George was above all a very delicate observer of human behavior, fascinated by what people do in their lives and how they do it. The novels tell the main story. These vignettes, these fragments, fill in background to that world — in many ways the most interesting part of the world George created. They are what you see when you sit in the bars and cafes of the Budayeen in the sweltering neon darkness, watching the folks go by on the sidewalk, the way the clueless Ernst Weinraub in “The City on the Sand” watches: the way George would watch folks in the Quarter.
This is the world of Budayeen Nights.
Barbara Hambly
Los Angeles
October 2002
Introduction to
Schrödinger’s Kitten
This is probably the best known of George’s short Budayeen stories.
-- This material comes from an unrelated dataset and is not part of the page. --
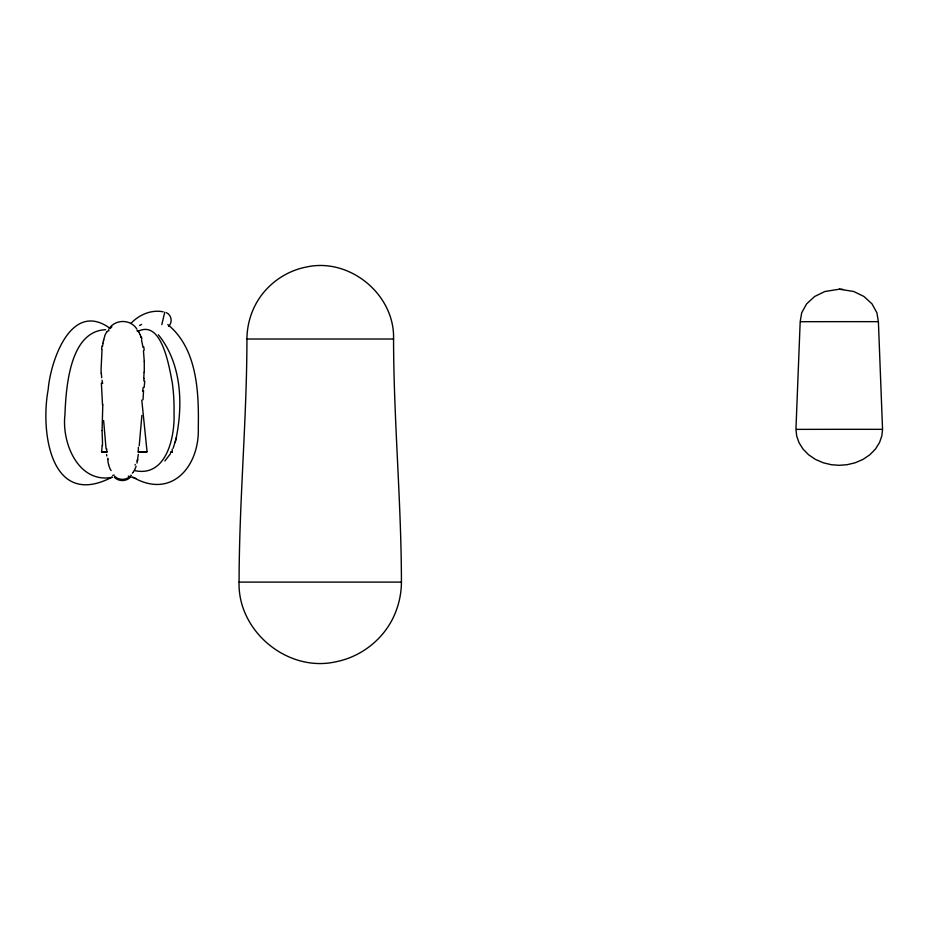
<?xml version="1.0" encoding="UTF-8"?>
<svg xmlns="http://www.w3.org/2000/svg" width="929" height="929" viewBox="0 0 929 929"><rect width="100%" height="100%" fill="white"/><g stroke="black" fill="none" stroke-linecap="round" stroke-linejoin="round"><path stroke-width="1.39" d="M138.375 450.379L138.363 447.279M138.375 450.728L138.363 451.773A52.163 0.848 -0.2 0 1 147.072 451.796L137.898 452.005M239.078 582.111C239.194 501.01 246.824 420.117 246.94 339.015C247.009 327.02 249.994 315.082 255.603 304.468C265.775 285.354 284.704 271.303 305.955 267.122C349.385 257.066 394.941 294.458 393.559 339.015C393.675 420.117 401.305 501.01 401.433 582.111C401.351 595.408 398.042 608.623 391.841 620.375C380.576 641.544 359.604 657.093 336.089 661.727C287.99 672.863 237.545 631.453 239.078 582.111L401.433 582.111M144.274 372.181L144.262 361.381M106.777 449.067L106.719 451.889L101.818 451.947L107.288 452.017M102.794 404.487L102.085 430.533M102.457 445.548L102.492 443.934A60.269 55.043 88.6 0 0 102.492 442.587L102.085 430.708M143.554 390.598L143.02 399.76M144.018 378.44L143.844 381.029M141.882 415.426L139.211 445.769M138.316 454.386L136.981 463.095M102.027 349.501L101.098 368.801A55.845 23.84 85.6 0 0 101.203 373.33M143.194 387.416L142.578 391.19M102.504 346.331L103.049 343.312M137.678 459.46L137.329 461.26L137.492 460.436M161.797 324.651L164.758 312.156M103.607 340.792L103.816 339.991M176.498 437.513L173.154 448.266M175.186 442.494C183.396 406.925 182.374 364.249 158.36 334.777M136.11 466.242L134.74 469.842M170.53 453.607L164.863 461.005M108.658 329.342C114.743 318.972 130.792 318.833 136.923 329.249M132.835 472.571L133.091 472.28A22.737 11.009 81.2 0 0 133.764 471.433M168.532 326.369C172.864 322.642 171.61 314.838 166.303 312.667M110.179 328.46L111.852 326.787M131.082 323.246C139.153 314.71 151.288 309.485 163.074 311.784M130.211 477.39C126.054 481.57 118.784 481.628 114.592 477.448M138.316 331.212C162.076 319.506 169.322 367.768 172.306 382.818A139.594 98.683 89.5 0 1 174.025 413.312C175.012 437.153 166.233 478.098 134.008 470.457M128.968 477.216C124.741 480.467 118.389 479.968 114.604 476.252M139.582 325.533L141.58 324.407M112.049 477.134C50.549 509.417 40.261 431.718 48.192 389.437C50.445 361.683 70.569 301.147 108.716 327.449M112.63 477.262C78.5 484.055 61.651 443.145 64.914 415.147C65.982 389.239 69.129 331.154 105.616 329.702M839.305 289.209L824.906 291.497L814.652 296.479L806.569 303.934L801.704 312.759L800.183 321.701L795.944 429.372L796.664 435.922L798.986 442.61L803.004 449.055L808.625 454.792L815.546 459.46L823.303 462.793L831.362 464.721L839.235 465.313L847.12 464.709L855.179 462.781L862.936 459.449L869.858 454.769L875.49 449.021L879.508 442.576L881.83 435.887L882.55 429.337L878.393 321.666L876.883 312.736L872.029 303.899L863.947 296.467L853.693 291.485L839.305 289.209L842.812 289.337M800.844 321.689C821.596 321.666 857.2 321.62 877.742 321.666M796.676 429.372C819.564 429.337 859.279 429.279 881.83 429.349M172.271 452.156L170.448 452.168A52.163 0.848 -0.2 0 1 172.248 452.156L172.202 449.183M246.94 339.015L393.559 339.015M137.376 330.898L137.237 330.875A19.288 3.867 80.4 0 0 137.027 330.91M135.913 478.458L128.295 476.101M132.766 477.1C171.598 499.814 199.665 466.184 198.295 427.816C198.922 392.444 197.424 348.712 167.777 324.558M140.732 336.972L140.941 337.68M147.049 451.715L141.789 400.109M141.533 339.863L142.996 347.353M108.6 464.407L108.751 465.023A23.736 11.543 -80.2 0 0 110.005 468.692A24.038 11.682 -80.2 0 0 111.097 470.55M102.027 380.263L102.306 381.842A9.847 4.134 85.5 0 0 102.678 383.445M143.461 350.883L144.262 361.288M101.702 377.72L101.319 373.33M106.626 454.502L106.777 455.976M106.069 448.951L103.63 420.547M102.527 405.137L101.377 383.015M107.915 459.309L107.88 458.194M132.824 472.547A22.911 11.102 81.1 0 1 132.371 473M144.727 381.18A46.589 18.522 -86.6 0 1 144.1 387.498M144.03 372.262A62.8 20.403 -86.3 0 1 143.763 378.44M143.67 346.633A63.427 28.253 -85 0 1 144.181 350.233M141.254 336.588A31.447 9.545 89.1 0 1 141.905 338.795M140.093 334.545A24.479 6.131 86.2 0 1 140.802 336.507M139.036 332.512A20.008 4.459 84.2 0 1 139.861 334.219M138.026 331.177A17.465 3.635 82.7 0 1 138.885 332.268M137.376 330.852A16.815 3.414 81.7 0 1 137.968 331.096M135.251 464.43A16.838 6.108 83.9 0 1 135.042 465.069M131.407 475.416A37.752 33.943 -83.4 0 1 130.71 475.207M114.104 475.021A37.357 33.549 88.5 0 1 112.723 475.427M101.609 348.956A52.663 20.995 86.6 0 1 102.085 345.809M102.875 343.01A38.716 13.83 88.2 0 1 103.456 340.478M103.723 339.666A31.029 10.602 88.9 0 1 104.663 336.612M104.652 336.089A24.398 8.024 89.8 0 1 106.974 331.792M107.079 331.595A19.358 5.864 -87.5 0 1 109.099 330.724M108.542 464.488A21.344 10.242 -80.7 0 1 108.019 461.574A17.906 8.419 -81.2 0 1 107.845 459.356M102.12 445.537A41.561 37.346 89.3 0 1 101.505 451.877"/></g></svg>

It won the Hugo, Nebula, and Seiun Awards, and touches deep chords in nearly every reader, for it deals with — and conquers — deep and universal fears.
Fear of death; fear of change; fear of somehow doing something wrong that will condemn one’s self to a horrible fate. In a way it is every child’s fear. It reconstructs Schrödinger’s philosophical image of the cat in the box — dead or saved only by the opening of the box by an observer — into an infinity of paths and variations of hope and destiny. Others have done this — notably Larry Niven in his story “All the Myriad Ways” — but to different effect.
I think it’s what goes on in nearly every writer’s mind when they construct a story. It’s certainly how writers look at their own lives, with a dispassionate infinity of equal possibilities.
In some worlds George became a doctor.
In some worlds George became a ballplayer.
In some worlds it was possible for George to live happily ever after, as we all hope we will and wish we could.